Exactly those lines running from the one containing "revolve(axis=Axis((0, 0, 5), (0, 0, 1)), mode=Mode.SUBTRACT)" to the end of the material are to be printed, and no others.
[Start of section]
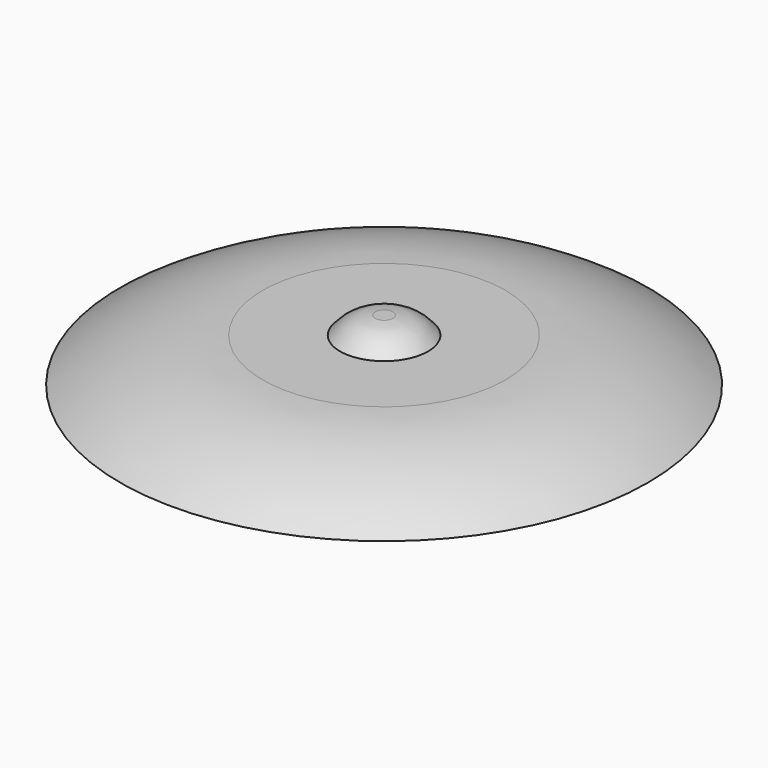
from build123d import *

# Parameters (mm, degrees)
F0_R     = 30
F1_DEPTH = 5
F3_R     = 5
F4_DEPTH = 2
F5_W     = 14.7
F5_H     = 16.5
F6_DEPTH = 1.7


# Not quite as in the source:
# - a fillet or chamfer that OpenCascade refuses, or shapes differently, is made with other operations: its cross-section is extruded or revolved along the edge and cut away or added


with BuildPart() as f1:
    # F0 (on Top) → F1 (new body)
    with BuildSketch(Plane.XY):
        Circle(F0_R)
    extrude(amount=F1_DEPTH)

    # F2: fillet of radius 28.7648476108 on 1 edges, made by hand

    # F2_s1 → F2_t2 (revolve, cut)
    with BuildSketch(Plane.XZ):
        with BuildLine():
            ThreePointArc((30, 0), (22.2736681867, 3.7215915737), (13.7935668295, 5))
            Line((13.7935668295, 5), (30, 5))
            Line((30, 5), (30, 0))
        make_face()
    revolve(axis=Axis((0, 0, 5), (0, 0, 1)), mode=Mode.SUBTRACT)

    # F3 (on face) → F4 (join)
    with BuildSketch(Plane.XY.offset(5)):
        Circle(F3_R)
    extrude(amount=F4_DEPTH)

    # F5 (on face) → F6 (cut)
    with BuildSketch(Plane(origin=(0, 0, 0), x_dir=(1, 0, 0), z_dir=(0, 0, -1))):
        Rectangle(F5_W, F5_H)
    extrude(amount=-F6_DEPTH, mode=Mode.SUBTRACT)

    # F7: fillet of radius 5 on 1 edges, made by hand

    # F7_s1 → F7_t2 (revolve, cut)
    with BuildSketch(Plane.XZ):
        with BuildLine():
            ThreePointArc((5, 5), (3.2360679775, 6.472135955), (1, 7))
            Line((1, 7), (5, 7))
            Line((5, 7), (5, 5))
        make_face()
    revolve(axis=Axis((0, 0, 7), (0, 0, 1)), mode=Mode.SUBTRACT)


solid = f1.part
[End of section]
ANSWER TO THIS TASK –
    revolve(axis=Axis((0, 0, 5), (0, 0, 1)), mode=Mode.SUBTRACT)

    # F3 (on face) → F4 (join)
    with BuildSketch(Plane.XY.offset(5)):
        Circle(F3_R)
    extrude(amount=F4_DEPTH)

    # F5 (on face) → F6 (cut)
    with BuildSketch(Plane(origin=(0, 0, 0), x_dir=(1, 0, 0), z_dir=(0, 0, -1))):
        Rectangle(F5_W, F5_H)
    extrude(amount=-F6_DEPTH, mode=Mode.SUBTRACT)

    # F7: fillet of radius 5 on 1 edges, made by hand

    # F7_s1 → F7_t2 (revolve, cut)
    with BuildSketch(Plane.XZ):
        with BuildLine():
            ThreePointArc((5, 5), (3.2360679775, 6.472135955), (1, 7))
            Line((1, 7), (5, 7))
            Line((5, 7), (5, 5))
        make_face()
    revolve(axis=Axis((0, 0, 7), (0, 0, 1)), mode=Mode.SUBTRACT)


solid = f1.part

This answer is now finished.